Find every line below that contains the word "start" and copy it out.

______

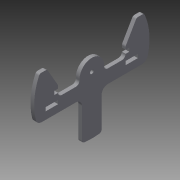
# Autodesk Inventor part: Endplate 072313
Saved by Autodesk Inventor 2015 (Build 190159000, 159)
## iProperties
Created: 2013-05-25
Part Number: Endplate 072313
Material: Generic
Document SubType Name: Modeling
Designer: Eric
Density: 1 g/cm^3
Appearance: Default
Author: Eric
Autodesk Inventor part; units mm, degrees
ref_plane "YZ Plane" through (0, 0, 0) normal (1, 0, 0) x (0, 1, 0)
ref_plane "XZ Plane" through (0, 0, 0) normal (0, 1, 0) x (-1, 0, 0)
ref_plane "XY Plane" through (0, 0, 0) normal (0, 0, 1) x (1, 0, 0)
sketch "Sketch1" plane through (0, 0, 0) normal (1, 0, 0) x (0, 1, 0)
  line L0 (-46.6154, -6) -> (46.6154, -6) construction
  line L1 (-37.5, -6) -> (-27.5, -6)
  line L2 (-27.5, -6) -> (-27.5, -9)
  line L3 (-27.5, -9) -> (-37.5, -9)
  line L4 (-37.5, -9) -> (-37.5, -6)
  line L5 (27.5, -6) -> (37.5, -6)
  line L6 (37.5, -6) -> (37.5, -9)
  line L7 (37.5, -9) -> (27.5, -9)
  line L8 (27.5, -9) -> (27.5, -6)
  arc A0 (10, 0) -> (-10, 0) centre (0, 0) ccw
  circle A1 centre (0, 0) radius 1.5
  line L9 (-35.955, 19) -> (-27.9019, 5.0517)
  line L10 (27.9019, 5.0517) -> (35.955, 19)
  line L11 (-8, -44.5982) -> (-8, -20)
  line L12 (8, -44.5982) -> (8, -20)
  arc A2 (-6.2667, -46.5803) -> (6.2667, -46.5803) centre (0, 0) ccw
  line L13 (-25, -39.7995) -> (25, -39.7995) construction
  line L14 (40.7922, -15) -> (13, -15)
  line L15 (-40.8058, -15) -> (-13, -15)
  arc A3 (45.6484, -11.1905) -> (43.0762, 18.8) centre (0, 0) ccw
  line L16 (-46.7846, 0) -> (47, 0) construction
  arc A4 (-45.5561, -11.5602) -> (-40.8058, -15) centre (-40.8058, -10) ccw
  arc A5 (40.7922, -15) -> (45.6484, -11.1905) centre (40.7922, -10) ccw
  arc A6 (-43.0762, 18.8) -> (-45.5561, -11.5602) centre (0, 0) ccw
  line L17 (-41.2432, 20) -> (-37.687, 20)
  line L18 (37.687, 20) -> (41.2432, 20)
  arc A7 (-41.2432, 20) -> (-43.0762, 18.8) centre (-41.2432, 18) ccw
  arc A8 (-35.955, 19) -> (-37.687, 20) centre (-37.687, 18) ccw
  arc A9 (43.0762, 18.8) -> (41.2432, 20) centre (41.2432, 18) ccw
  arc A10 (37.687, 20) -> (35.955, 19) centre (37.687, 18) ccw
  line L19 (-27.5, -1) -> (-30.5, -1)
  line L20 (-30.5, -1) -> (-30.5, 2)
  line L21 (-30.5, 2) -> (-27.5, 2)
  line L22 (27.5, -1) -> (30.5, -1)
  line L23 (30.5, -1) -> (30.5, 2)
  line L24 (30.5, 2) -> (27.5, 2)
  arc A11 (-8, -44.5982) -> (-6.2667, -46.5803) centre (-6, -44.5982) ccw
  arc A12 (6.2667, -46.5803) -> (8, -44.5982) centre (6, -44.5982) ccw
  line L25 (-27.5, 2) -> (-27.5, 3.5517)
  line L26 (27.5, 2) -> (27.5, 3.5517)
  line L27 (-27.5, -1) -> (-27.5, -1)
  line L28 (27.5, -1) -> (27.5, -1)
  line L29 (-10, 0) -> (-10, -1)
  line L30 (10, 0) -> (10, -1)
  line L31 (-24.5, -4) -> (-13, -4)
  line L32 (13, -4) -> (24.5, -4)
  arc A13 (-27.5, -1) -> (-24.5, -4) centre (-24.5, -1) ccw
  arc A14 (-27.5, 3.5517) -> (-27.9019, 5.0517) centre (-30.5, 3.5517) ccw
  arc A15 (-13, -4) -> (-10, -1) centre (-13, -1) ccw
  arc A16 (10, -1) -> (13, -4) centre (13, -1) ccw
  arc A17 (24.5, -4) -> (27.5, -1) centre (24.5, -1) ccw
  arc A18 (27.9019, 5.0517) -> (27.5, 3.5517) centre (30.5, 3.5517) ccw
  arc A19 (-8, -20) -> (-13, -15) centre (-13, -20) ccw
  arc A20 (13, -15) -> (8, -20) centre (13, -20) ccw
  point P0 (-42.5323, 20)
  point P1 (42.5323, 20)
  point P2 (-36.5323, 20)
  point P3 (36.5323, 20)
  point P4 (-26.14, 2)
  point P5 (26.14, 2)
  point P6 (-8, -10)
  point P7 (8, -10)
  point P8 (-45.4579, -15)
  point P9 (44.5421, -15)
  point P10 (-25.4579, -10)
  point P11 (8, -15)
  point P12 (-8, -15)
  point P13 (-8, -46.3141)
  point P14 (8, -46.3141)
  dimension "d3" = 10
  dimension "d4" = 3
  dimension "d5" = 10
  dimension "d6" = 3
  dimension "d105" = 50
  dimension "d116" = 6
  dimension "d122" = 8
  dimension "d123" = 8
  dimension "d131" = 47
  dimension "d137" = 5
  dimension "d141" = 6
  dimension "d142" = 120
  dimension "d143" = 6
  dimension "d144" = 120
  dimension "d145" = 2
  dimension "d146" = 3
  dimension "d147" = 3
  dimension "d148" = 5
  dimension "d149" = 3
  dimension "d150" = 3
  dimension "d151" = 5
  dimension "d154" = 47
  dimension "d155" = 10
  dimension "d156" = 2
  dimension "d159" = 20
  dimension "d160" = 20
  dimension "d162" = 3
  dimension "d163" = 15
  dimension "d164" = 15
  dimension "d167" = 30.5
  dimension "d168" = 30.5
  dimension "d169" = 3
  dimension "d170" = 3
  dimension "d171" = 27.5
  dimension "d172" = 27.5
  dimension "d173" = 5
  dimension "d174" = 11
  dimension "d175" = 11
  constraints: 66 end point, 49 point on circle, 33 tangent, 22 point on line, 21 centre point, 11 equal radius, 10 parallel, 10 perpendicular, 8 horizontal, 5 coincident, 2 vertical, 1 collinear, 1 horizontal alignment
  measures "d3" distance between parallel lines of L2 L4
  measures "d4" distance between parallel lines of L3 L0
  measures "d5" distance between parallel lines of L6 L8
  measures "d6" distance between parallel lines of L0 L7
  measures "d105" distance of L13.start L13.end
  measures "d116" distance from line of point (0, 0) L0
  measures "d122" distance from line of point (0, 0) L11
  measures "d123" distance from line of L12 point (0, 0)
  measures "d131" radius of A3
  measures "d137" radius of A4
  measures "d141" distance of point (-42.532, 20) point (-36.532, 20)
  measures "d142" angle of L9 L17
  measures "d143" distance of point (36.532, 20) point (42.532, 20)
  measures "d144" angle of L10 L18
  measures "d145" radius of A7
  measures "d146" distance of L19.start L19.end
  measures "d147" distance of L21.end L19.start
  measures "d148" distance between parallel lines of L1 L19
  measures "d149" distance of L22.start L22.end
  measures "d150" distance of L24.end L22.start
  measures "d151" distance between parallel lines of L5 L22
  measures "d154" radius of A2
  measures "d155" radius of A0
  measures "d156" radius of A11
  measures "d159" distance from line of point (0, 0) L17
  measures "d160" distance from line of L18 point (0, 0)
  measures "d162" radius of A13
  measures "d163" distance from line of point (0, 0) L15
  measures "d164" distance from line of L14 point (0, 0)
  measures "d167" distance from line of A2.centre L20
  measures "d168" distance from line of point (0, 0) L23
  measures "d169" distance of L19.end L20.end
  measures "d170" distance of L22.end L23.end
  measures "d171" distance from line of point (0, 0) L2
  measures "d172" distance from line of point (0, 0) L8
  measures "d173" radius of A19
  measures "d174" distance between parallel lines of L15 L31
  measures "d175" distance between parallel lines of L14 L32
extrude "Extrusion5" add sketch "Sketch1" along normal blind 3
body "Solid5"

______

Result of the exercise:
  measures "d105" distance of L13.start L13.end
  measures "d146" distance of L19.start L19.end
  measures "d147" distance of L21.end L19.start
  measures "d149" distance of L22.start L22.end
  measures "d150" distance of L24.end L22.start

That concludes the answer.